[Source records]
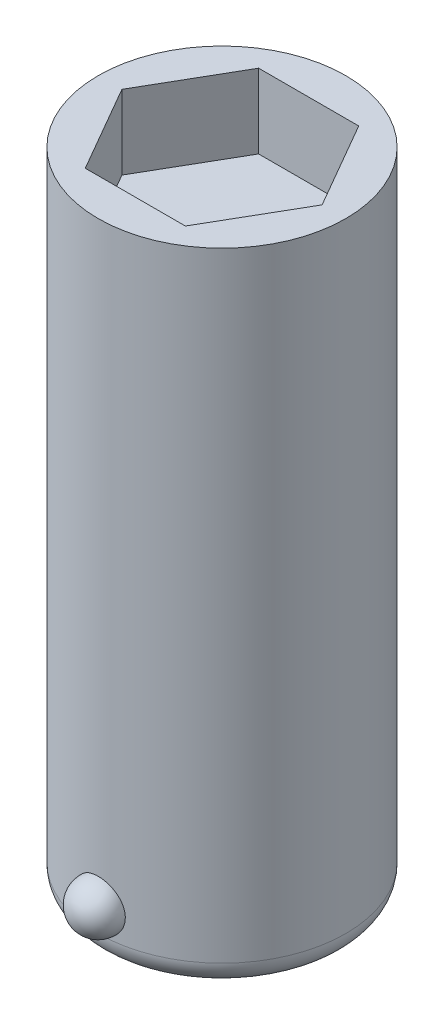
ISO-10303-21;
HEADER;
FILE_DESCRIPTION(('STEP AP214'),'2;1');
FILE_NAME('part.step','',(''),(''),'','','');
FILE_SCHEMA(('AUTOMOTIVE_DESIGN { 1 0 10303 214 1 1 1 1 }'));
ENDSEC;
DATA;
#1=APPLICATION_CONTEXT('core data for automotive mechanical design processes');
#2=APPLICATION_PROTOCOL_DEFINITION('international standard','automotive_design',2000,#1);
#3=PRODUCT_CONTEXT('',#1,'mechanical');
#4=PRODUCT('Part','Part','',(#3));
#5=PRODUCT_RELATED_PRODUCT_CATEGORY('part','',(#4));
#6=PRODUCT_DEFINITION_FORMATION('','',#4);
#7=PRODUCT_DEFINITION_CONTEXT('part definition',#1,'design');
#8=PRODUCT_DEFINITION('design','',#6,#7);
#9=PRODUCT_DEFINITION_SHAPE('','',#8);
#10=(LENGTH_UNIT() NAMED_UNIT(*) SI_UNIT(.MILLI.,.METRE.));
#11=(NAMED_UNIT(*) PLANE_ANGLE_UNIT() SI_UNIT($,.RADIAN.));
#12=(NAMED_UNIT(*) SI_UNIT($,.STERADIAN.) SOLID_ANGLE_UNIT());
#13=UNCERTAINTY_MEASURE_WITH_UNIT(LENGTH_MEASURE(1.E-05),#10,'distance_accuracy_value','');
#14=(GEOMETRIC_REPRESENTATION_CONTEXT(3) GLOBAL_UNCERTAINTY_ASSIGNED_CONTEXT((#13)) GLOBAL_UNIT_ASSIGNED_CONTEXT((#10,
#11,#12)) REPRESENTATION_CONTEXT('',''));
#15=CARTESIAN_POINT('',(0.,0.,0.));
#16=DIRECTION('',(0.,0.,1.));
#17=DIRECTION('',(1.,0.,0.));
#18=AXIS2_PLACEMENT_3D('',#15,#16,#17);
#19=CARTESIAN_POINT('',(0.,26.,0.));
#20=DIRECTION('',(0.,-1.,0.));
#21=DIRECTION('',(0.,0.,-1.));
#22=AXIS2_PLACEMENT_3D('',#19,#20,#21);
#23=CYLINDRICAL_SURFACE('',#22,5.);
#24=CARTESIAN_POINT('',(0.,0.994987437106618,0.));
#25=DIRECTION('',(0.,-1.,0.));
#26=DIRECTION('',(0.,0.,-1.));
#27=AXIS2_PLACEMENT_3D('',#24,#25,#26);
#28=CIRCLE('',#27,5.);
#29=CARTESIAN_POINT('',(0.,0.994987437106618,-5.));
#30=VERTEX_POINT('',#29);
#31=EDGE_CURVE('E11',#30,#30,#28,.F.);
#32=ORIENTED_EDGE('',*,*,#31,.T.);
#33=EDGE_LOOP('',(#32));
#34=FACE_BOUND('',#33,.T.);
#35=CARTESIAN_POINT('',(0.994987437106706,2.,4.9));
#36=CARTESIAN_POINT('',(0.99498560287014,1.94396831697695,4.90000106045254));
#37=CARTESIAN_POINT('',(0.990335655261199,1.88791073579904,4.90095166589253));
#38=CARTESIAN_POINT('',(0.971848665803341,1.77736226997428,4.90465044251787));
#39=CARTESIAN_POINT('',(0.958004476867156,1.72287263857011,4.9074000120923));
#40=CARTESIAN_POINT('',(0.92150239913956,1.61705676134784,4.91438464778238));
#41=CARTESIAN_POINT('',(0.898848550961522,1.56572907776405,4.91861903278939));
#42=CARTESIAN_POINT('',(0.845332865723616,1.46766063985218,4.92809773919241));
#43=CARTESIAN_POINT('',(0.814472092087265,1.4209192923168,4.93334192971722));
#44=CARTESIAN_POINT('',(0.745274823977119,1.33320334923897,4.94426858838759));
#45=CARTESIAN_POINT('',(0.706919382057819,1.29224383263132,4.94995214482173));
#46=CARTESIAN_POINT('',(0.623820502557111,1.21737996494551,4.96110891653895));
#47=CARTESIAN_POINT('',(0.579076950291243,1.18347574055645,4.96658212804351));
#48=CARTESIAN_POINT('',(0.484507997711316,1.12372488100045,4.97669635913741));
#49=CARTESIAN_POINT('',(0.434690387828699,1.09786613357938,4.98133862517423));
#50=CARTESIAN_POINT('',(0.331321767027698,1.05487587556066,4.9892794790187));
#51=CARTESIAN_POINT('',(0.277770967463711,1.03774387135421,4.9925781428221));
#52=CARTESIAN_POINT('',(0.168991770750412,1.01281938141677,4.99743703932135));
#53=CARTESIAN_POINT('',(0.113783790778077,1.00494090032989,4.99901326931134));
#54=CARTESIAN_POINT('',(0.00280574839069789,0.99846038664853,5.00030705156377));
#55=CARTESIAN_POINT('',(-0.0529642848279286,0.999857874659318,5.00002469988025));
#56=CARTESIAN_POINT('',(-0.163044634175729,1.01184263311872,4.99764204274201));
#57=CARTESIAN_POINT('',(-0.217362732615366,1.0223613211719,4.99555530481581));
#58=CARTESIAN_POINT('',(-0.323437202466647,1.05219813692466,4.98981075910898));
#59=CARTESIAN_POINT('',(-0.375193542531856,1.0715163722686,4.98615293210933));
#60=CARTESIAN_POINT('',(-0.474877061572509,1.1184919662299,4.97765055921629));
#61=CARTESIAN_POINT('',(-0.522790881371321,1.14617694707735,4.97280209260139));
#62=CARTESIAN_POINT('',(-0.613293841484466,1.20909823835989,4.96245389323851));
#63=CARTESIAN_POINT('',(-0.655882686619847,1.2443349671169,4.95695412441981));
#64=CARTESIAN_POINT('',(-0.734998232489791,1.32178820362403,4.94584600979191));
#65=CARTESIAN_POINT('',(-0.771459490548274,1.36407149538703,4.94023712834133));
#66=CARTESIAN_POINT('',(-0.836817313891344,1.45419241208939,4.92958788142729));
#67=CARTESIAN_POINT('',(-0.865713625679486,1.50203022307957,4.92454753501828));
#68=CARTESIAN_POINT('',(-0.915310830489436,1.60220741654454,4.91557197339426));
#69=CARTESIAN_POINT('',(-0.935966015304219,1.65456999811804,4.91164295605738));
#70=CARTESIAN_POINT('',(-0.968299634970496,1.76208737815018,4.90537147493131));
#71=CARTESIAN_POINT('',(-0.979978211499377,1.81724213252543,4.9030289861021));
#72=CARTESIAN_POINT('',(-0.994028344792453,1.92863330353786,4.90019997742686));
#73=CARTESIAN_POINT('',(-0.996422746224356,1.98486672257479,4.89970890207017));
#74=CARTESIAN_POINT('',(-0.991903453089489,2.09694201485401,4.90062573154923));
#75=CARTESIAN_POINT('',(-0.984989872516567,2.15278389288303,4.90203361312865));
#76=CARTESIAN_POINT('',(-0.962065978984036,2.26236209630438,4.90658369613697));
#77=CARTESIAN_POINT('',(-0.946076154978933,2.31610287370878,4.9097219908301));
#78=CARTESIAN_POINT('',(-0.905439545493827,2.42010030332156,4.91737776520369));
#79=CARTESIAN_POINT('',(-0.880792566721247,2.47035687770642,4.9218952756783));
#80=CARTESIAN_POINT('',(-0.823408707673632,2.5661269493201,4.93181965849537));
#81=CARTESIAN_POINT('',(-0.790647810994116,2.61162578500097,4.93722915484837));
#82=CARTESIAN_POINT('',(-0.717950321335968,2.69643891265726,4.94832250793488));
#83=CARTESIAN_POINT('',(-0.67801360527122,2.7357530985263,4.95400636937333));
#84=CARTESIAN_POINT('',(-0.591982999572354,2.8071506902601,4.96502123503072));
#85=CARTESIAN_POINT('',(-0.545880125493262,2.83922335796265,4.97035170706183));
#86=CARTESIAN_POINT('',(-0.448842527846835,2.89515463323769,4.98005164377887));
#87=CARTESIAN_POINT('',(-0.397907996873,2.91901356804045,4.98442114674673));
#88=CARTESIAN_POINT('',(-0.293023074529829,2.95769719834728,4.99168101894947));
#89=CARTESIAN_POINT('',(-0.239096258922929,2.97258389197869,4.99458151620528));
#90=CARTESIAN_POINT('',(-0.129451795906326,2.99315418320674,4.99862479266747));
#91=CARTESIAN_POINT('',(-0.0737342578870587,2.99883834187594,4.99976767903403));
#92=CARTESIAN_POINT('',(0.0373329284403417,3.00083043709395,5.00016608200714));
#93=CARTESIAN_POINT('',(0.0926809135385354,2.99722864866207,4.99943977048283));
#94=CARTESIAN_POINT('',(0.201969740239315,2.98094276533955,4.9962183365304));
#95=CARTESIAN_POINT('',(0.255910600391219,2.96825879023693,4.99372323743143));
#96=CARTESIAN_POINT('',(0.360808369575168,2.93418578849914,4.98724153108333));
#97=CARTESIAN_POINT('',(0.411768354992322,2.91280592438383,4.98325649407964));
#98=CARTESIAN_POINT('',(0.509361425920189,2.86193700219456,4.97422912870706));
#99=CARTESIAN_POINT('',(0.555994416538248,2.83244776633517,4.96918677715875));
#100=CARTESIAN_POINT('',(0.644060366517357,2.76587827308016,4.9585455278987));
#101=CARTESIAN_POINT('',(0.685444474177205,2.72873410956696,4.95294216351497));
#102=CARTESIAN_POINT('',(0.761429310549823,2.64803158579989,4.94183202558425));
#103=CARTESIAN_POINT('',(0.796028644006292,2.60447190944487,4.93632527211638));
#104=CARTESIAN_POINT('',(0.857786479384858,2.51174203804983,4.92597140076439));
#105=CARTESIAN_POINT('',(0.884877881447816,2.46252648196186,4.9211304146418));
#106=CARTESIAN_POINT('',(0.930477407488461,2.36019906325116,4.91271345168924));
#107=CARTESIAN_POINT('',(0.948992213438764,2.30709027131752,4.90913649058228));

(EXERCISE AIM)
Write out again exactly the lines from the start of the data above through the line containing "#7=PRODUCT_DEFINITION_CONTEXT('part definition',#1,'design');", inclusive, excluding any pictures.

(TASK RESPONSE)
ISO-10303-21;
HEADER;
FILE_DESCRIPTION(('STEP AP214'),'2;1');
FILE_NAME('part.step','',(''),(''),'','','');
FILE_SCHEMA(('AUTOMOTIVE_DESIGN { 1 0 10303 214 1 1 1 1 }'));
ENDSEC;
DATA;
#1=APPLICATION_CONTEXT('core data for automotive mechanical design processes');
#2=APPLICATION_PROTOCOL_DEFINITION('international standard','automotive_design',2000,#1);
#3=PRODUCT_CONTEXT('',#1,'mechanical');
#4=PRODUCT('Part','Part','',(#3));
#5=PRODUCT_RELATED_PRODUCT_CATEGORY('part','',(#4));
#6=PRODUCT_DEFINITION_FORMATION('','',#4);
#7=PRODUCT_DEFINITION_CONTEXT('part definition',#1,'design');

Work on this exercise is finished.